[Extracted data entries]
******************************
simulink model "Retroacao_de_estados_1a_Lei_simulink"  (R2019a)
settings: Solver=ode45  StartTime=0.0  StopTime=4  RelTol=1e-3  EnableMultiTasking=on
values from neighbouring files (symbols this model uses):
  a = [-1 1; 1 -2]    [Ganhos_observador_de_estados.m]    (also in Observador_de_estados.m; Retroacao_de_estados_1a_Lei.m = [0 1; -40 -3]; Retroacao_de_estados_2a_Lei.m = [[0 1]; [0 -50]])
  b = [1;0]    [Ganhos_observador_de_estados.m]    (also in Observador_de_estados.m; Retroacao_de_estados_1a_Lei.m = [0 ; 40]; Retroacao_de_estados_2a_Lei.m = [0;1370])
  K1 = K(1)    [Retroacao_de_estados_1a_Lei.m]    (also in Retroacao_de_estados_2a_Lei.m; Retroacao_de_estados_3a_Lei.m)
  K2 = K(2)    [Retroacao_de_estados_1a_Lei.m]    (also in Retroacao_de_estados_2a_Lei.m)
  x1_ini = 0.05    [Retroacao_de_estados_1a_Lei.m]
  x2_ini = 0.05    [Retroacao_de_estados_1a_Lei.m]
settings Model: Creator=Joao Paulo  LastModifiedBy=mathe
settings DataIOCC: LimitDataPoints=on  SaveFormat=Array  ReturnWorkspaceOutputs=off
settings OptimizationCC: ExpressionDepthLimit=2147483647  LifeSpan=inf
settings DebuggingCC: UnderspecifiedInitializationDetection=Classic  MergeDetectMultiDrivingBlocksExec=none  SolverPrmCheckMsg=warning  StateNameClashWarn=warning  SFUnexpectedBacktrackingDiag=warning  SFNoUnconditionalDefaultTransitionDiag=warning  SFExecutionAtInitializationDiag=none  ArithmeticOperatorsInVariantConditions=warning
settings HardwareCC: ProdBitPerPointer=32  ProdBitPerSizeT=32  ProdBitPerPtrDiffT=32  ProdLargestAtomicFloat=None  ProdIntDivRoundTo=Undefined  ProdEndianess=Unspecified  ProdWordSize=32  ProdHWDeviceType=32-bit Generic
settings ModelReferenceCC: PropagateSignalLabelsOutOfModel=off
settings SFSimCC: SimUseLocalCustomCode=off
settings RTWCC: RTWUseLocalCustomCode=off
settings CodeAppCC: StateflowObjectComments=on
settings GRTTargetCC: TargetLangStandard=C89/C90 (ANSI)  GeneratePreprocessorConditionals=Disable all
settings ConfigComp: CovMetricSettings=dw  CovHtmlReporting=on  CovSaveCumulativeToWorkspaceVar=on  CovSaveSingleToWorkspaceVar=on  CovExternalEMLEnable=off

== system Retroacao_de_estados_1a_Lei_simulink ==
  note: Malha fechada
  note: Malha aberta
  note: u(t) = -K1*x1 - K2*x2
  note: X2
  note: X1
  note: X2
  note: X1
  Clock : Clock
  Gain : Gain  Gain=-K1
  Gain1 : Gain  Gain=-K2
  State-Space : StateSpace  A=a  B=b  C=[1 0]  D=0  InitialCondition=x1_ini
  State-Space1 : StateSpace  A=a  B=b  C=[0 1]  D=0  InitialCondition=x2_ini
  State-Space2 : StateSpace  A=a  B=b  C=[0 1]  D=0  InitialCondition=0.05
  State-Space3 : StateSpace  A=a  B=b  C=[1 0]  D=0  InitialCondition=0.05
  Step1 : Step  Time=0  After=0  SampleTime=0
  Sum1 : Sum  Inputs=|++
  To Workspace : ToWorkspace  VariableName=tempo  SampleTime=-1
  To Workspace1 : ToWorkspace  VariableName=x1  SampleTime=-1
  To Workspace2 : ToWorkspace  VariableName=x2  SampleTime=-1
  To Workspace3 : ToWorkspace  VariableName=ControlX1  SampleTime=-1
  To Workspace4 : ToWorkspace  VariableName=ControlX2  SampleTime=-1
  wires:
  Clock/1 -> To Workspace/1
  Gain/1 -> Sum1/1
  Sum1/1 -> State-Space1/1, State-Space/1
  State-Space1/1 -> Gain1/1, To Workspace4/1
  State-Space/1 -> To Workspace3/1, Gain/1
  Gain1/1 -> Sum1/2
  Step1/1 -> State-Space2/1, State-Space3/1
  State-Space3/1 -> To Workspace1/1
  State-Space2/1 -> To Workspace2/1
******************************
▶ **What to work on**
The lines needed are the ones from the first line of the entries through the line that contains "a = [-1 1; 1 -2]", given again without any change.

▶ **Exercise output**
simulink model "Retroacao_de_estados_1a_Lei_simulink"  (R2019a)
settings: Solver=ode45  StartTime=0.0  StopTime=4  RelTol=1e-3  EnableMultiTasking=on
values from neighbouring files (symbols this model uses):
  a = [-1 1; 1 -2]    [Ganhos_observador_de_estados.m]    (also in Observador_de_estados.m; Retroacao_de_estados_1a_Lei.m = [0 1; -40 -3]; Retroacao_de_estados_2a_Lei.m = [[0 1]; [0 -50]])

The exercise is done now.